• What you are asked to do:
For the data below, restate word for word only the lines from the line containing "Hood Status/1 ->" through the line containing "[ClutchEngage] -> Bus", both ends included.

• Excerpts from a dataset:

Start of Block

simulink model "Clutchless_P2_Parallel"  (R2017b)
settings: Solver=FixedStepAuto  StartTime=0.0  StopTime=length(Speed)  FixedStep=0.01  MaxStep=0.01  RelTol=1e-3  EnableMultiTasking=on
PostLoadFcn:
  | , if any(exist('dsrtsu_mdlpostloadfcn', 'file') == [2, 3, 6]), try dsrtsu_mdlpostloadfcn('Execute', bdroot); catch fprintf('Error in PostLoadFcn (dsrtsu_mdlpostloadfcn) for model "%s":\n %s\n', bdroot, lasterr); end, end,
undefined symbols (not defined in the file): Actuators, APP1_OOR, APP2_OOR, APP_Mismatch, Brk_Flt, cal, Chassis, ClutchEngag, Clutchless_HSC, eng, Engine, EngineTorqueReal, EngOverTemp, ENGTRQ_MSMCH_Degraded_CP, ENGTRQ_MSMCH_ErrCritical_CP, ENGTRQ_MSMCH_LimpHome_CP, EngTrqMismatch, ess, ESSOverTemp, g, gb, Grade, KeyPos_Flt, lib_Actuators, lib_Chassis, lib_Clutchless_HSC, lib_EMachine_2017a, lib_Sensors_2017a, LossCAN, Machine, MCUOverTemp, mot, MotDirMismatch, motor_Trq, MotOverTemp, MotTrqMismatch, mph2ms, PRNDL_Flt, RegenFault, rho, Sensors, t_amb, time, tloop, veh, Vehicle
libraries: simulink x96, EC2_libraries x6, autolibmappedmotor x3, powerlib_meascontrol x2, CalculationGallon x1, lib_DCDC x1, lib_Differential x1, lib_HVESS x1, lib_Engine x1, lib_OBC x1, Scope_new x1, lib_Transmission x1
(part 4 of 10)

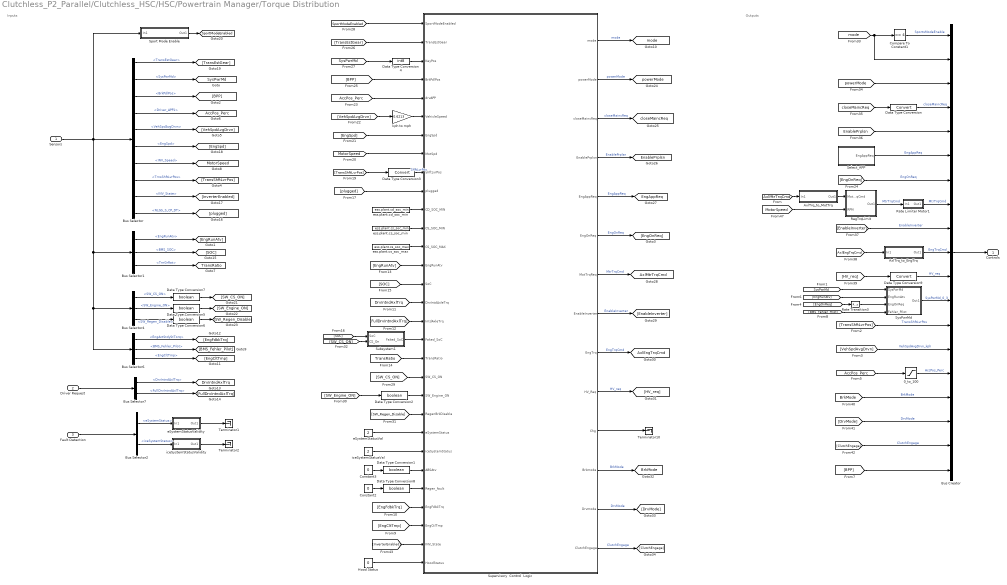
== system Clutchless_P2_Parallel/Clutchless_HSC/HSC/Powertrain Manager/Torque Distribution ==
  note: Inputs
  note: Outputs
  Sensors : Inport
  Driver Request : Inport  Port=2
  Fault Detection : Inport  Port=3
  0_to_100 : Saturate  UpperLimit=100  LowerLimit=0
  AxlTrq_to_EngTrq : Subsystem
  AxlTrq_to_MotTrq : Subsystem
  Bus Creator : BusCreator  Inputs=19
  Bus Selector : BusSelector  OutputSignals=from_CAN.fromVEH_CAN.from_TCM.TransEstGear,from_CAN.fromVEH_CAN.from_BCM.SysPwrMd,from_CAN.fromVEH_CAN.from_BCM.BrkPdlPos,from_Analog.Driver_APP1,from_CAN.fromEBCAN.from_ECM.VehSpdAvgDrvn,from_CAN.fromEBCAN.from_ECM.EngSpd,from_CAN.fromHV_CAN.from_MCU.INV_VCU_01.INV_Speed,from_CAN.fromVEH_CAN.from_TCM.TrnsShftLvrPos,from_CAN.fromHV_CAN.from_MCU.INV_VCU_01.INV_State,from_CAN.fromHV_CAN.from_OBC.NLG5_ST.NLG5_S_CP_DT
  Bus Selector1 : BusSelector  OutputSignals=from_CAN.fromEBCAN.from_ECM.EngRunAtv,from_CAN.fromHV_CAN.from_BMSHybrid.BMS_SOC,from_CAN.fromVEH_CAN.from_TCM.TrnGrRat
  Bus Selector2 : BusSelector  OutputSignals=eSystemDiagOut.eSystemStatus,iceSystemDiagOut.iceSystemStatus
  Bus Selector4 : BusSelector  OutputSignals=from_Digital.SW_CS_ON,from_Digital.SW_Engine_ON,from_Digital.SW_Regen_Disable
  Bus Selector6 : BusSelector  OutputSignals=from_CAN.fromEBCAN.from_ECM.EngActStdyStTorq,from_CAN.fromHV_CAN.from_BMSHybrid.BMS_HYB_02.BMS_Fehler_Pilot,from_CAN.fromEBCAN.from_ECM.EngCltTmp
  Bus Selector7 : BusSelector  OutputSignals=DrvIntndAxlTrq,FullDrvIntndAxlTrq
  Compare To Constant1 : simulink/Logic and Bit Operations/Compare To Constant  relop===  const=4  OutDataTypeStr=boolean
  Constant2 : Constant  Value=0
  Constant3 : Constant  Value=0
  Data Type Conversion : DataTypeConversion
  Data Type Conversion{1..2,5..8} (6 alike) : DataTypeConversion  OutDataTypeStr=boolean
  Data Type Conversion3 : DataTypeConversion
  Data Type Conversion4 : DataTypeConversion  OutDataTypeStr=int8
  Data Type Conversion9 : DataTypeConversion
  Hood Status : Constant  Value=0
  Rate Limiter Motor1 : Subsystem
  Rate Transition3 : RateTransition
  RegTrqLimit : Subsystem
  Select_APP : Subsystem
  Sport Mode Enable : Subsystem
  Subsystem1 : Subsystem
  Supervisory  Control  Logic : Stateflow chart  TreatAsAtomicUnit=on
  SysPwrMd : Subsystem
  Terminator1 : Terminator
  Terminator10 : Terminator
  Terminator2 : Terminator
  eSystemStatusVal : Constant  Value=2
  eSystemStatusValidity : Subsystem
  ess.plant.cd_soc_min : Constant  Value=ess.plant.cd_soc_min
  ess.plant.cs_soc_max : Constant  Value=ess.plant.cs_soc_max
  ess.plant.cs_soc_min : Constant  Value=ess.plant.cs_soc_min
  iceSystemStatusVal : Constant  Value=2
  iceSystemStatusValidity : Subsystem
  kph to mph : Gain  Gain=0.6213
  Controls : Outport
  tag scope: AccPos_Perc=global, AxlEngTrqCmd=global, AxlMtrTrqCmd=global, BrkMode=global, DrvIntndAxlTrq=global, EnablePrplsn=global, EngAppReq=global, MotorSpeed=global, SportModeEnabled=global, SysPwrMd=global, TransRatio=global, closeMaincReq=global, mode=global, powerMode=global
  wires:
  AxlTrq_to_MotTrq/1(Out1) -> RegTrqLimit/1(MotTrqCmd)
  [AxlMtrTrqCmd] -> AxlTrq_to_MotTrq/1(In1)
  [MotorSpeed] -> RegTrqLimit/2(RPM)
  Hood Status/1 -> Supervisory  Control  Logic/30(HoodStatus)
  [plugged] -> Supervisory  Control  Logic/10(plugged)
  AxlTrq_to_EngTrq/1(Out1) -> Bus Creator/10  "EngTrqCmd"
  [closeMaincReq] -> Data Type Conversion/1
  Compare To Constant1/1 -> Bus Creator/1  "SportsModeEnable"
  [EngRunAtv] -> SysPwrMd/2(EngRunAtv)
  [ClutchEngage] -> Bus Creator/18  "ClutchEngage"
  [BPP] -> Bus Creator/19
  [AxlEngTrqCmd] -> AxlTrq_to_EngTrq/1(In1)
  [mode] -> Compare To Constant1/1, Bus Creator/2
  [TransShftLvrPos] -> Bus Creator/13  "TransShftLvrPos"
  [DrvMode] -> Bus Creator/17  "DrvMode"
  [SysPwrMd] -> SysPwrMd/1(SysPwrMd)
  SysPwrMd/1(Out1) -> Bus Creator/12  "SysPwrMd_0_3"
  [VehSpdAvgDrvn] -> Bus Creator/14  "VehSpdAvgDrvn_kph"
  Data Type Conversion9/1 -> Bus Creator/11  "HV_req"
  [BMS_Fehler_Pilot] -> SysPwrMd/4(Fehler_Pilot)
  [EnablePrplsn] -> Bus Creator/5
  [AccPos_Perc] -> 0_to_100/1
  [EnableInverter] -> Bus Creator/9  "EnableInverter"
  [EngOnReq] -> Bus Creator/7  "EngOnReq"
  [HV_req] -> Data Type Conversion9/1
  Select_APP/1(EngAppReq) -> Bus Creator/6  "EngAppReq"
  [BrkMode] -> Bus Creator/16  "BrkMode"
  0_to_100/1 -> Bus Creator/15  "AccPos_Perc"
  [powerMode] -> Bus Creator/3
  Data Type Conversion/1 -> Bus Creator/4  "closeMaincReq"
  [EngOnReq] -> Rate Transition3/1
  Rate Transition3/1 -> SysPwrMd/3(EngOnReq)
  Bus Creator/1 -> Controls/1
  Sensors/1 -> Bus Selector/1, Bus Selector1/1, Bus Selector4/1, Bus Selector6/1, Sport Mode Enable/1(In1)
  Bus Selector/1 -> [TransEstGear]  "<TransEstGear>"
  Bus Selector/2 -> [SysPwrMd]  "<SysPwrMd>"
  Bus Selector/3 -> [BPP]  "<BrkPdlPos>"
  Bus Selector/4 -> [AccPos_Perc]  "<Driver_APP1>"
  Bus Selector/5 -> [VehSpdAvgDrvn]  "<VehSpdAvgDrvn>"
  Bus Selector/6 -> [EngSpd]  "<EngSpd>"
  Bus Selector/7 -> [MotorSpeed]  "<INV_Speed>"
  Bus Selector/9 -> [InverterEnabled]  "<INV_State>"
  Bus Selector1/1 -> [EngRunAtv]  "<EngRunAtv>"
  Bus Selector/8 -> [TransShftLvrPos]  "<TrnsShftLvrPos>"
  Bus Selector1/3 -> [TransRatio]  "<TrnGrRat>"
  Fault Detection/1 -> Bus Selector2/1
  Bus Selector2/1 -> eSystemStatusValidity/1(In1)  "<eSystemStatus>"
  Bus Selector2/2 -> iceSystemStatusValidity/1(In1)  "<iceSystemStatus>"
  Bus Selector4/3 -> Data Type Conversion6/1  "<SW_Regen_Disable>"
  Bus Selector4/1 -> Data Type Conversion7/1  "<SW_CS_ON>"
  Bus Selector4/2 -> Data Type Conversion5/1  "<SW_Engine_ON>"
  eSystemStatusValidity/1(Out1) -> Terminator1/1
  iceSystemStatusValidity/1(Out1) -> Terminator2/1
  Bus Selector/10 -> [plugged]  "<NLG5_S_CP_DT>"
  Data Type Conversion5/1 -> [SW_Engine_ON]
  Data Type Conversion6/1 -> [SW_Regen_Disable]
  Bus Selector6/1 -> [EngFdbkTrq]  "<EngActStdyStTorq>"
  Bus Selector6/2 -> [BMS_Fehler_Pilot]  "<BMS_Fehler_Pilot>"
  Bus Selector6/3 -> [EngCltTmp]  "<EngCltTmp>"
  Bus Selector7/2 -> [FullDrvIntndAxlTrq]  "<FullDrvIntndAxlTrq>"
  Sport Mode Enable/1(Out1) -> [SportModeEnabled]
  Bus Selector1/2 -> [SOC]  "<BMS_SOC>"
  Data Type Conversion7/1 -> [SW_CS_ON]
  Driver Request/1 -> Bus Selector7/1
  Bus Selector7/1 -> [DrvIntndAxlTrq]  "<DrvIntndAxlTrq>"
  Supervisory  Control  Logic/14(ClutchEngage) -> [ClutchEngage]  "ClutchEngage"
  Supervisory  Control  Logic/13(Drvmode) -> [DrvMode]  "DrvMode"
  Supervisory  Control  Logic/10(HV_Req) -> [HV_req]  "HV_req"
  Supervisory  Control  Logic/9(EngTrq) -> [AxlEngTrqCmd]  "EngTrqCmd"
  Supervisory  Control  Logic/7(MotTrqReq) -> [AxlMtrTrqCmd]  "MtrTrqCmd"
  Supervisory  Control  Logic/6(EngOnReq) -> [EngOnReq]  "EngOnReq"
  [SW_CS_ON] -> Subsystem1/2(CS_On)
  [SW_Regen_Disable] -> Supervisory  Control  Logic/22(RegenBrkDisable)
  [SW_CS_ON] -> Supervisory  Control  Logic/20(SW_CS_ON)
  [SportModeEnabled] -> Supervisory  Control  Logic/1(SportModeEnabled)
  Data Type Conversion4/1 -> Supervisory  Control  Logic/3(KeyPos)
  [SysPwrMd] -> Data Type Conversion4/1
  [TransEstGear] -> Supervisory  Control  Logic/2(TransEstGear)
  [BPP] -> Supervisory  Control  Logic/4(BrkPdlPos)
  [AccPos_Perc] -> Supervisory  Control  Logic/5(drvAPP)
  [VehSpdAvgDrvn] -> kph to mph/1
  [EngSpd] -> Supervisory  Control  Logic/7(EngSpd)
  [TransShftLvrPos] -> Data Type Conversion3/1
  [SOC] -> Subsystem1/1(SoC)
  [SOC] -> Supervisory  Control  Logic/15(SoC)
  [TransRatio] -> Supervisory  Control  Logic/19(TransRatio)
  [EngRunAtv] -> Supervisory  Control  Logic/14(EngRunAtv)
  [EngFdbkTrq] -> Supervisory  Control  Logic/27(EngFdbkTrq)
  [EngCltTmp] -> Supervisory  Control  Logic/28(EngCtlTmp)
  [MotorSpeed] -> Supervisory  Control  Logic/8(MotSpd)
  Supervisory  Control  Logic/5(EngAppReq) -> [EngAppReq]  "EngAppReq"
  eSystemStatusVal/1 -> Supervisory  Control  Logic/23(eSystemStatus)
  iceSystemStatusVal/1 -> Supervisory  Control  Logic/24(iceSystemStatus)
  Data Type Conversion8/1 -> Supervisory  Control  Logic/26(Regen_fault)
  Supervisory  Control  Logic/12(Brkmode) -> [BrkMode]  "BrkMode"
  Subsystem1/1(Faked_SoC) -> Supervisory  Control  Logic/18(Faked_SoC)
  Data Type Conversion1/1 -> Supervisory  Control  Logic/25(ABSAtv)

End of Block

• Reply:
  Hood Status/1 -> Supervisory  Control  Logic/30(HoodStatus)
  [plugged] -> Supervisory  Control  Logic/10(plugged)
  AxlTrq_to_EngTrq/1(Out1) -> Bus Creator/10  "EngTrqCmd"
  [closeMaincReq] -> Data Type Conversion/1
  Compare To Constant1/1 -> Bus Creator/1  "SportsModeEnable"
  [EngRunAtv] -> SysPwrMd/2(EngRunAtv)
  [ClutchEngage] -> Bus Creator/18  "ClutchEngage"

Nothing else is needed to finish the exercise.